Subscriber Black- and Whitelisting

Subscriber Black-/Whitelisting is a feature from the WAMP Advanced Profile. The specification can be found here.

There is a complete white- and black- listing example with Python and JavaScript clients available.

As per default, whenever there is a publication to a topic, a PubSub event is dispatched to all (authorized) subscribers to that topic other than the publisher itself. Subscriber Black- and White- listing restricts the set of subscribers who receive events for a particular publication.
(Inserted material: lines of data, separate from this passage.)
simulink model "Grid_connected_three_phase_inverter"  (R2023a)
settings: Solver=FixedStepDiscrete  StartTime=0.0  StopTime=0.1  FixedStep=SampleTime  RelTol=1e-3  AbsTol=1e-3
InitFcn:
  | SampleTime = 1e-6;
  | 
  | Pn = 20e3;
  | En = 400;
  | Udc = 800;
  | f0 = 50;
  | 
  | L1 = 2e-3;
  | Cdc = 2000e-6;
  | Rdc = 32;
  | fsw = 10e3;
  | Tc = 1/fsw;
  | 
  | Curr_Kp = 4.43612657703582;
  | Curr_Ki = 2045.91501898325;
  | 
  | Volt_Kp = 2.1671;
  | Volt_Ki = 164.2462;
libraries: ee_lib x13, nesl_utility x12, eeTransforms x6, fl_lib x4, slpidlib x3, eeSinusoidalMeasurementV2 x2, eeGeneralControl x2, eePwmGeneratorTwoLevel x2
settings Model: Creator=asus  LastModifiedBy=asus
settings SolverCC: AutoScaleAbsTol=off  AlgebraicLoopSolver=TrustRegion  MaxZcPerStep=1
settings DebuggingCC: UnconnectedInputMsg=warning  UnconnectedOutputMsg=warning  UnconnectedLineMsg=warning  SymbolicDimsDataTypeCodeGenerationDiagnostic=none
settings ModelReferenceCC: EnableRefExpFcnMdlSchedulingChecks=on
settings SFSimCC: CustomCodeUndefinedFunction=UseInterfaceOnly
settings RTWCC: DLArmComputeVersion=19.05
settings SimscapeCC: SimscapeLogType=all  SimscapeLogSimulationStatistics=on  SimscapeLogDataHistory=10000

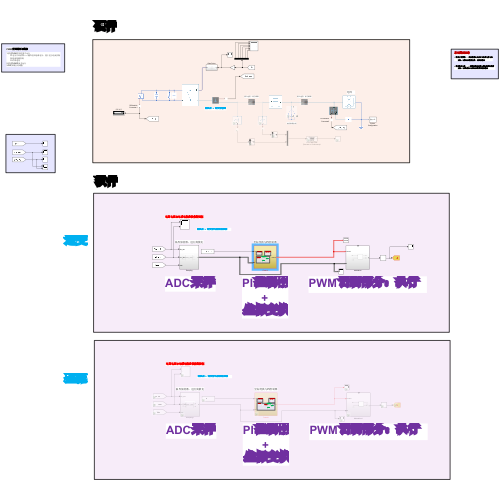
[thumbnail: Simulink's stored preview of the top-level diagram]
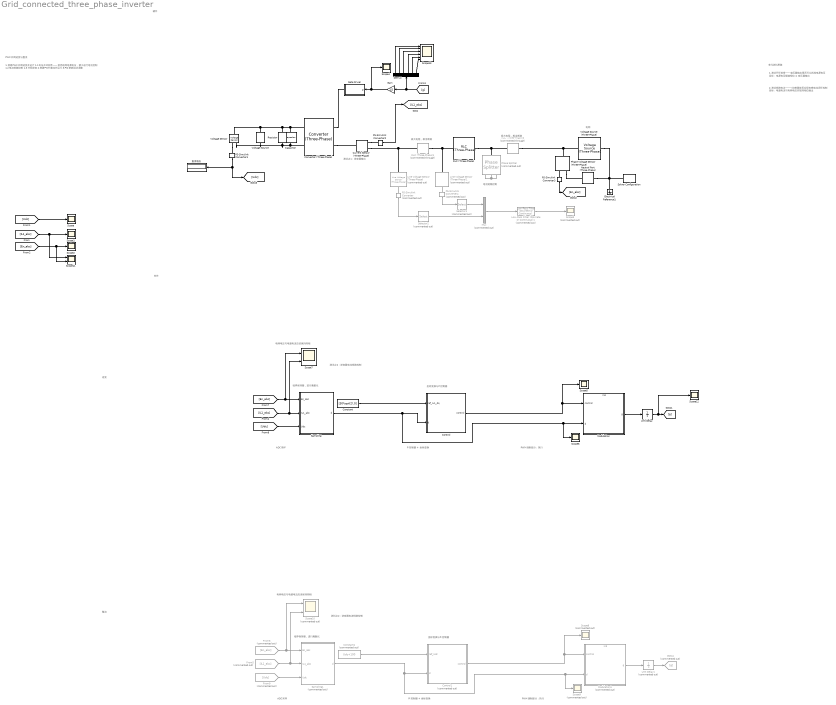
== system Grid_connected_three_phase_inverter ==
  note: 逆变
  note: 软件
  note: 2.测试短路电流------PI控制器能否实现电感电流闭环控制
      | 目标：电感电流与电网电压实现同相位输出
  note: ADC采样
  note: 电网电压与电感电流应该保持同相
  note: 电流短路控制
  note: 极大电阻，相当断路
  note: 测试点1：逆变器输出
  note: 1.测试开环前馈------变压器输出是否可以抵挡电源电压
      | 目标：电源电压幅值相位 = 变压器输出
  note: 单元测试思路
  note: 临界保持器，进行离散化
  note: 电网
  note: 1.搭建PWM并网逆变并运行
      | 1.1电压开环前馈------抵挡电网电源电压，便于进行电流控制
      | 1.2电流短路控制
      | 1.3并网逆变
      | 2.搭建PWM整流并运行
      | 3.PID参数自动调整
  note: PWM并网逆变与整流
  note: 坐标变换与PI控制器
  note: 极大电阻，相当断路
  note: PI控制器
      | +
      | 坐标变换
  note: PWM调制部分：执行
  note: 测试点2：逆变器电流短路控制
  note: 硬件
  note: ADC采样
  note: 电网电压与电感电流应该保持同相
  note: 临界保持器，进行离散化
  note: 坐标变换与PI控制器
  note: PI控制器
      | +
      | 坐标变换
  note: PWM调制部分：执行
  note: 测试点2：逆变器电流短路控制
  note: 整流
  Capacitor : fl_lib/Electrical/Electrical Elements/Capacitor  c=Cdc F  r=1e-6 Ohm  g=0 1/Ohm  i_specify=off  i_priority=None  i=0 A  i_nominal_specify=off  i_nominal_unit=A  i_nominal_value=1  v_specify=on  v_priority=None  v=Udc V  v_nominal_specify=off  v_nominal_unit=V  v_nominal_value=1  vc_specify=on  vc_priority=High  vc=Udc V  vc_nominal_specify=off  vc_nominal_unit=V  vc_nominal_value=1
  Constant : Constant  Value=[30*sqrt(2),0]
  Constant1 : Constant  Commented=on  Value=Udc+100
  Control : Subsystem
  Control1 : Subsystem  Commented=on
  Converter (Three-Phase) : ee_lib/Semiconductors & Converters/Converters/Converter (Three-Phase)  port_option=ee.enum.threePhasePort.composite  device_type=ee.enum.converters.switchingdevice.mosfet  K=0  Vf=0.8 V  Ron=0.001 Ohm  Rds=0.001 Ohm  Goff=1e-6 1/Ohm  Vgt=1 V  Vgt_off=-1 V  Ih=1 A  Vth=6 V  diode_param=ee.enum.converters.protectiondiode.nodynamics  diode_Vf=0.8 V  diode_Ron=0.001 Ohm  diode_Goff=1e-5 1/Ohm  diode_C=50 nF  diode_iRM=-235 A  diode_iF=300 A  diode_idot=-50 A/us  diode_trr_param=ee.enum.converters.diodetrr.trr_factor  diode_trr_factor=3  diode_trr=15 us  diode_Qrr=1500 s*uA  snubber_type=ee.enum.converters.snubber.exclude  Cs=1e-7 F  Rs=0.1 Ohm
  Current Sensor (Three-Phase) : ee_lib/Sensors & Transducers/Current Sensor (Three-Phase)
  Demux : Demux  Outputs=6
  Electrical Reference1 : fl_lib/Electrical/Electrical Elements/Electrical Reference
  From5 : From  Commented=on  GotoTag=IL1_abc
  From6 : From  Commented=on  GotoTag=En_abc
  From9 : From  Commented=on  GotoTag=Udc
  Gain : Gain  Gain=15
  Gate Drvier : Subsystem
  Goto4 : Goto  Commented=on  GotoTag=g
  Line Voltage Sensor (Three-Phase) : ee_lib/Sensors & Transducers/Line Voltage Sensor (Three-Phase)  Commented=on
  Line Voltage Sensor (Three-Phase)1 : ee_lib/Sensors & Transducers/Line Voltage Sensor (Three-Phase)  Commented=on
  Low-Pass Filter (Discrete or Continuous)1 : eeGeneralControl/Low-Pass Filter (Discrete or Continuous)  Commented=on  K=1  T=1/(500*2*pi)  B=inf  A=-inf  init_option=Inherited from block input  x0=0  Ts=-1
  Modulation : Subsystem
      settings: PortSchema="{\"entries\":[{\"content\":{\"sides\":[{\"content\":{\"connectorIds\":[\"In1\",\"In2\"]},\"type\":\"ConnectorPlacement.EquallySpacedRectSide\",\"uuid\":\"6f2b4e45-07a4-4b9a-b264-e657ed3e3d49\"},{\"content\":{\"connectorIds\":[\"Out1\"],\"side\":\"RIGHT\"},\"type\":\"ConnectorPlacement.EquallySpacedRectSide\",\"uuid\":\"fc619c4c-e947-4a72-af3b-717aea721804\"},{\"content\":{\"connectorIds\":[\"In3\"],\"side\":\"TOP\"},\"type\":\"ConnectorPlacement.EquallySpacedRectSide\",\"uuid\":\"14f31373-6e47-42c6-b65b-1061da0f8a55\"}]},\"type\":\"ConnectorPlacement.EquallySpacedConnector\",\"uuid\":\"2be9814a-ca60-4095-87d8-3ef7ff015fd2\"}],\"packageUris\":[\"http://schema.mathworks.com/mf0/Connector/R2020b\"],\"version\":\"1.0\"}"
  Modulation1 : Subsystem  Commented=on
      settings: PortSchema="{\"entries\":[{\"content\":{\"sides\":[{\"content\":{\"connectorIds\":[\"In1\",\"In2\"]},\"type\":\"ConnectorPlacement.EquallySpacedRectSide\",\"uuid\":\"6f2b4e45-07a4-4b9a-b264-e657ed3e3d49\"},{\"content\":{\"connectorIds\":[\"Out1\"],\"side\":\"RIGHT\"},\"type\":\"ConnectorPlacement.EquallySpacedRectSide\",\"uuid\":\"fc619c4c-e947-4a72-af3b-717aea721804\"},{\"content\":{\"connectorIds\":[\"In3\"],\"side\":\"TOP\"},\"type\":\"ConnectorPlacement.EquallySpacedRectSide\",\"uuid\":\"14f31373-6e47-42c6-b65b-1061da0f8a55\"}]},\"type\":\"ConnectorPlacement.EquallySpacedConnector\",\"uuid\":\"2be9814a-ca60-4095-87d8-3ef7ff015fd2\"}],\"packageUris\":[\"http://schema.mathworks.com/mf0/Connector/R2020b\"],\"version\":\"1.0\"}"
  Mux : Mux  Commented=on  Inputs=2
  Neutral Port (Three-Phase) : ee_lib/Connectors & References/Neutral Port (Three-Phase)  G_parasitic=1e-12 1/Ohm
      settings: InternalSimscapePortConfiguration="{\"Bottom\":[],\"Left\":[{\"id\":\"N\",\"label\":\"~\",\"type\":\"foundation.electrical.three_phase\"}],\"Right\":[{\"id\":\"n\",\"label\":\"n\",\"type\":\"foundation.electrical.electrical\"}],\"Top\":[]}"
  PS-Simulink Converter : nesl_utility/PS-Simulink Converter  Commented=on  PhysicalDomain=network_engine_domain  SubClassName=ps_output  LeftPortType=input  RightPortType=output  PseudoPeriodic=off  Frequencies=[]  VectorFormat=inherit  Unit=inherit  AffineConversion=off
  PS-Simulink Converter1 : nesl_utility/PS-Simulink Converter  PhysicalDomain=network_engine_domain  SubClassName=ps_output  LeftPortType=input  RightPortType=output  PseudoPeriodic=off  Frequencies=[]  VectorFormat=1-D array  Unit=inherit  AffineConversion=off
  PS-Simulink Converter2 : nesl_utility/PS-Simulink Converter  PhysicalDomain=network_engine_domain  SubClassName=ps_output  LeftPortType=input  RightPortType=output  PseudoPeriodic=off  Frequencies=[]  VectorFormat=1-D array  Unit=inherit  AffineConversion=off
  PS-Simulink Converter3 : nesl_utility/PS-Simulink Converter  PhysicalDomain=network_engine_domain  SubClassName=ps_output  LeftPortType=input  RightPortType=output  PseudoPeriodic=off  Frequencies=[]  VectorFormat=1-D array  Unit=inherit  AffineConversion=off
  PS-Simulink Converter4 : nesl_utility/PS-Simulink Converter  Commented=on  PhysicalDomain=network_engine_domain  SubClassName=ps_output  LeftPortType=input  RightPortType=output  PseudoPeriodic=off  Frequencies=[]  VectorFormat=inherit  Unit=inherit  AffineConversion=off
  Phase Splitter : ee_lib/Connectors & References/Phase Splitter  Commented=on
  Phase Voltage Sensor (Three-Phase) : ee_lib/Sensors & Transducers/Phase Voltage Sensor (Three-Phase)
  RLC (Three-Phase) : ee_lib/Passive/RLC Assemblies/RLC (Three-Phase)  component_structure=ee.enum.rlc.structure.L  R=1 Ohm  L=L1 H  C=1e-6 F  R_parasitic=0 Ohm  G_parasitic=0 1/Ohm  IL_specify=off  IL_priority=High  IL=[0, 0, 0] A  IL_nominal_specify=off  IL_nominal_unit=A  IL_nominal_value=1  VC_specify=off  VC_priority=High  VC=[0, 0, 0] V  VC_nominal_specify=off  VC_nominal_unit=V  VC_nominal_value=1
      settings: InternalSimscapePortConfiguration="{\"Bottom\":[],\"Left\":[{\"id\":\"N1\",\"label\":\"~1\",\"type\":\"foundation.electrical.three_phase\"}],\"Right\":[{\"id\":\"N2\",\"label\":\"~2\",\"type\":\"foundation.electrical.three_phase\"}],\"Top\":[]}"
  RLC (Three-Phase)1 : ee_lib/Passive/RLC Assemblies/RLC (Three-Phase)  Commented=through  component_structure=ee.enum.rlc.structure.R  R=100 MOhm  L=L1 H  C=1e-6 F  R_parasitic=0 Ohm  G_parasitic=0 1/Ohm  IL_specify=off  IL_priority=High  IL=[0, 0, 0] A  IL_nominal_specify=off  IL_nominal_unit=A  IL_nominal_value=1  VC_specify=off  VC_priority=High  VC=[0, 0, 0] V  VC_nominal_specify=off  VC_nominal_unit=V  VC_nominal_value=1
      settings: InternalSimscapePortConfiguration="{\"Bottom\":[],\"Left\":[{\"id\":\"N1\",\"label\":\"~1\",\"type\":\"foundation.electrical.three_phase\"}],\"Right\":[{\"id\":\"N2\",\"label\":\"~2\",\"type\":\"foundation.electrical.three_phase\"}],\"Top\":[]}"
  RLC (Three-Phase)2 : ee_lib/Passive/RLC Assemblies/RLC (Three-Phase)  Commented=through  component_structure=ee.enum.rlc.structure.R  R=100 MOhm  L=L1 H  C=1e-6 F  R_parasitic=0 Ohm  G_parasitic=0 1/Ohm  IL_specify=off  IL_priority=High  IL=[0, 0, 0] A  IL_nominal_specify=off  IL_nominal_unit=A  IL_nominal_value=1  VC_specify=off  VC_priority=High  VC=[0, 0, 0] V  VC_nominal_specify=off  VC_nominal_unit=V  VC_nominal_value=1
      settings: InternalSimscapePortConfiguration="{\"Bottom\":[],\"Left\":[{\"id\":\"N1\",\"label\":\"~1\",\"type\":\"foundation.electrical.three_phase\"}],\"Right\":[{\"id\":\"N2\",\"label\":\"~2\",\"type\":\"foundation.electrical.three_phase\"}],\"Top\":[]}"
  Resistor : fl_lib/Electrical/Electrical Elements/Resistor  R=Rdc*2 Ohm  i_specify=off  i_priority=None  i=0 A  i_nominal_specify=off  i_nominal_unit=A  i_nominal_value=1  v_specify=off  v_priority=None  v=0 V  v_nominal_specify=off  v_nominal_unit=V  v_nominal_value=1
  Sampling : Subsystem
  Sampling1 : Subsystem  Commented=on
  Scope{,1..2,4..6,12} (7 alike) : Scope
  Scope10 : Scope  Commented=on  NumInputPorts=2
  Scope11 : Scope  NumInputPorts=2
  Scope13 : Scope  NumInputPorts=6
  Scope3 : Scope  Commented=on
  Scope7 : Scope  NumInputPorts=2
  Scope8 : Scope  Commented=on
  Scope9 : Scope  Commented=on
  Selector1 : Selector  Commented=on  InputPortWidth=3  IndexOptions=Index vector (dialog)  Indices=[1]  OutputSizes=1
  Selector2 : Selector  Commented=on  InputPortWidth=3  IndexOptions=Index vector (dialog)  Indices=[1]  OutputSizes=1
  Solver Configuration : nesl_utility/Solver Configuration  PhysicalDomain=network_engine_domain  SubClassName=solver  LeftPortType=input  RightPortType=generic  Tones=[]  Harmonics=[]  SimulateNoise=off  Profile=off  UseLocalSampling=off  EnableSwitchedLinearOptims=on  FrequencyDomain=off  UseCCode=off  RelTol=0.001  AbsTol=1e-06  MinStep=1e-09  ToWorkspace=off  RevertToSquareIcSolve=off  NumHomotopyIterations=100  PhasorMode=off  PhasorModeNumHarmonics=1  ConsistencySolver=NEWTON_XTOL_AFTER_FTOL  IndexReductionMethod=DerivativeReplacement  DoDC=off  ResidualTolerance=1e-09  ConsistencyTolSource=GLOBAL  ConsistencyAbsTol=0.001  ConsistencyRelTol=0.001  ConsistencyTolFactor=0.001  UseLocalSolver=on  LocalSolverChoice=NE_BACKWARD_EULER_ADVANCER  ResolveIndetEquations=on  FunctionEvalNumThread=1  LocalSolverSampleTime=SampleTime  DoFixedCost=off  MaxNonlinIter=4  MaxModeIter=2  ComputeImpulses=off  ImpulseIterations=2  LinearAlgebra=auto  LinearAlgebraNumThread=0  EquationFormulation=NE_TIME_EF  DelaysMemoryBudget=1024  AutomaticFiltering=on  FilteringTimeConstant=0.001  PartitionStorageMethod=AS_NEEDED  PartitionMemoryBudget=1024  PartitionMethod=ROBUST
  Unit Delay : UnitDelay  SampleTime=-1  HasFrameUpgradeWarning=on
  Unit Delay1 : UnitDelay  Commented=on  SampleTime=-1  HasFrameUpgradeWarning=on
  Voltage Source (Three-Phase) : ee_lib/Sources/Voltage Source (Three-Phase)  vline_rms=En V  shift=0 deg  freq=f0 Hz  impedance_option=0  SShortCircuit=1e6 A*V  XR=15  R=0.01 Ohm  L=3.97e-4 H  harmonic_option=0  harmonic_orders=[5, 7, 11, 13]  harmonic_ratios=[.1, .1, .1, .1]  G_parasitic=0 1/Ohm  I_specify=off  I_priority=None  I=[0, 0, 0] A  I_nominal_specify=off  I_nominal_unit=A  I_nominal_value=1
  Voltage Sensor : fl_lib/Electrical/Electrical Sensors/Voltage Sensor
  Voltage Source : ee_lib/Sources/Voltage Source  dc_voltage=Udc V  ac_voltage=0 V  ac_shift=0 rad  ac_frequency=60 Hz  noise_mode=ee.enum.sources.noise.Disabled  PSD=0 V^2/Hz  sample_time=1e-3 s  repeatability=ee.enum.sources.repeatability.NotRepeatable  user_seed=0  auto_seed=3890346746  i_specify=off  i_priority=None  i=0 A  i_nominal_specify=off  i_nominal_unit=A  i_nominal_value=1  v_specify=off  v_priority=None  v=0 V  v_nominal_specify=off  v_nominal_unit=V  v_nominal_value=1
  直流电压 : Display
  wires:
  PS-Simulink Converter1/1 -> [Udc], 直流电压/1
  PS-Simulink Converter2/1 -> [IL1_abc]
  PS-Simulink Converter3/1 -> [En_abc]
  [Udc] -> Scope/1
  [IL1_abc] -> Scope11/1, Scope1/1
  [En_abc] -> Scope11/2, Scope2/1
  [g] -> Gain/1, Demux/1
  [En_abc] -> Scope7/1, Sampling/1(En_abc)
  [IL1_abc] -> Scope7/2, Sampling/2(IL1_abc)
  [Udc] -> Sampling/3(Udc)
  Sampling/1(d) -> Scope6/1, Modulation/2(d), Control/2(d)
  Constant/1 -> Control/1(ref_IL1_dq)
  Modulation/1(g) -> Unit Delay/1
  Unit Delay/1 -> Scope12/1, [g]
  Control/1(control) -> Modulation/1(control), Scope5/1
  PS-Simulink Converter4/1 -> Selector1/1
  PS-Simulink Converter/1 -> Selector2/1
  Mux/1 -> Low-Pass Filter (Discrete or Continuous)1/1
  Gain/1 -> Gate Drvier/1(g), Scope4/1
  Selector1/1 -> Mux/1
  Selector2/1 -> Mux/2
  Low-Pass Filter (Discrete or Continuous)1/1 -> Scope3/1
  Control1/1(control) -> Scope8/1, Modulation1/1(control)
  Unit Delay1/1 -> Goto4/1
  Modulation1/1(g) -> Unit Delay1/1
  Constant1/1 -> Control1/1(ref_Udc)
  Sampling1/1(d) -> Control1/2(d), Modulation1/2(d), Scope9/1
  From9/1 -> Sampling1/3(Udc)
  From5/1 -> Sampling1/2(IL1_abc), Scope10/2
  From6/1 -> Sampling1/1(En_abc), Scope10/1
  Demux/1 -> Scope13/1
  Demux/2 -> Scope13/2
  Demux/3 -> Scope13/3
  Demux/4 -> Scope13/4
  Demux/5 -> Scope13/5
  Demux/6 -> Scope13/6
  connections:
  Converter (Three-Phase)/RConn1 -- Voltage Sensor/LConn1 -- Voltage Source/LConn1 -- Resistor/LConn1 -- Capacitor/LConn1
  Phase Voltage Sensor (Three-Phase)/LConn1 -- RLC (Three-Phase)2/RConn1 -- Voltage Source (Three-Phase)/RConn1
  Converter (Three-Phase)/LConn2 -- Current Sensor (Three-Phase)/LConn1
  Voltage Source (Three-Phase)/LConn1 -- Solver Configuration/RConn1 -- Neutral Port (Three-Phase)/RConn1 -- Electrical Reference1/LConn1
  Phase Voltage Sensor (Three-Phase)/RConn2 -- Neutral Port (Three-Phase)/LConn1
  Converter (Three-Phase)/LConn1 -- Gate Drvier/RConn1
  Voltage Sensor/RConn1 -- PS-Simulink Converter1/LConn1
  Current Sensor (Three-Phase)/RConn1 -- PS-Simulink Converter2/LConn1
  PS-Simulink Converter3/LConn1 -- Phase Voltage Sensor (Three-Phase)/RConn1
  RLC (Three-Phase)1/RConn1 -- RLC (Three-Phase)/LConn1 -- Line Voltage Sensor (Three-Phase)1/LConn1
  Current Sensor (Three-Phase)/RConn2 -- Line Voltage Sensor (Three-Phase)/LConn1 -- RLC (Three-Phase)1/LConn1
  PS-Simulink Converter/LConn1 -- Line Voltage Sensor (Three-Phase)/RConn1
  PS-Simulink Converter4/LConn1 -- Line Voltage Sensor (Three-Phase)1/RConn1
  RLC (Three-Phase)/RConn1 -- Phase Splitter/LConn1 -- RLC (Three-Phase)2/LConn1
  Phase Splitter/RConn3 -- Phase Splitter/RConn2 -- Phase Splitter/RConn1
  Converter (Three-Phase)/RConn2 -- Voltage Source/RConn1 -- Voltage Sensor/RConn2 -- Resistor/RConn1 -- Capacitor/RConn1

There are three ways to do blacklisting: exclude (using a list of session IDs to exclude), exclude_authid (using a list of authentication IDs to exclude) and exclude_authrole (using a list of authentication roles to exclude); and three corresponding ways to do whitelisting: eligible, eligible_authid, and eligible_authrole.

Use Cases

For a frontend with state synchronized across devices, a device on which an update is made may communicate this via an RPC to the backend. The local change may be effected as soon as the user input is made, with a possible rollback should the RPC fail. The other devices receive the update based on a successfully processed user input from the backend. In this case the backend will want to exclude the source device for the user input from the update.

Subscriber Blacklisting

If you have a list of sessions to exclude from a publication, you should pass a list of session-id’s to exclude; if any of those sessions are subscribers, they will not receive this publish.

You can also exclude sessions with exclude_authid or exclude_authrole. These options take a string or list of strings representing sessions to remove from the receivers. Thus any subscribers with the corresponding authid (or authrole) will not receive this publish.


Subscriber Whitelisting

Whitelisting is the inverse of blacklisting: you specify the set of subscribers who may receive the publish instead of saying who may not.

If you have a list of sessions who could receive a publication, you should pass a list of session-id’s to the eligible option; only these sessions will possibly be able to receive the publish. This is a filtering operation, so they won’t all necessarily receive the publish – they still need to subscribe, for example.

You can also filter by eligible_authid or eligible_authrole. These options both take either a single string or a list of strings representing an assigned authid or authrole and work similarly. Of all the subscribers, only those without the correct authid (or authrole) will get the publish.


Getting Session IDs

Subscriber Session IDs, which are used in Subscriber Black- and Whitelisting, can be communicated to application components via application-level messages. Components should be able to retrieve their WAMP Session ID - e.g. in Autobahn|JS, it’s stored in session.id.

Additionally, Crossbar.io has Subscription Meta-Events and Procedures which allow the retrieval of this information from the router.

Further, Crossbar.io has Publisher Identification and Caller Identification.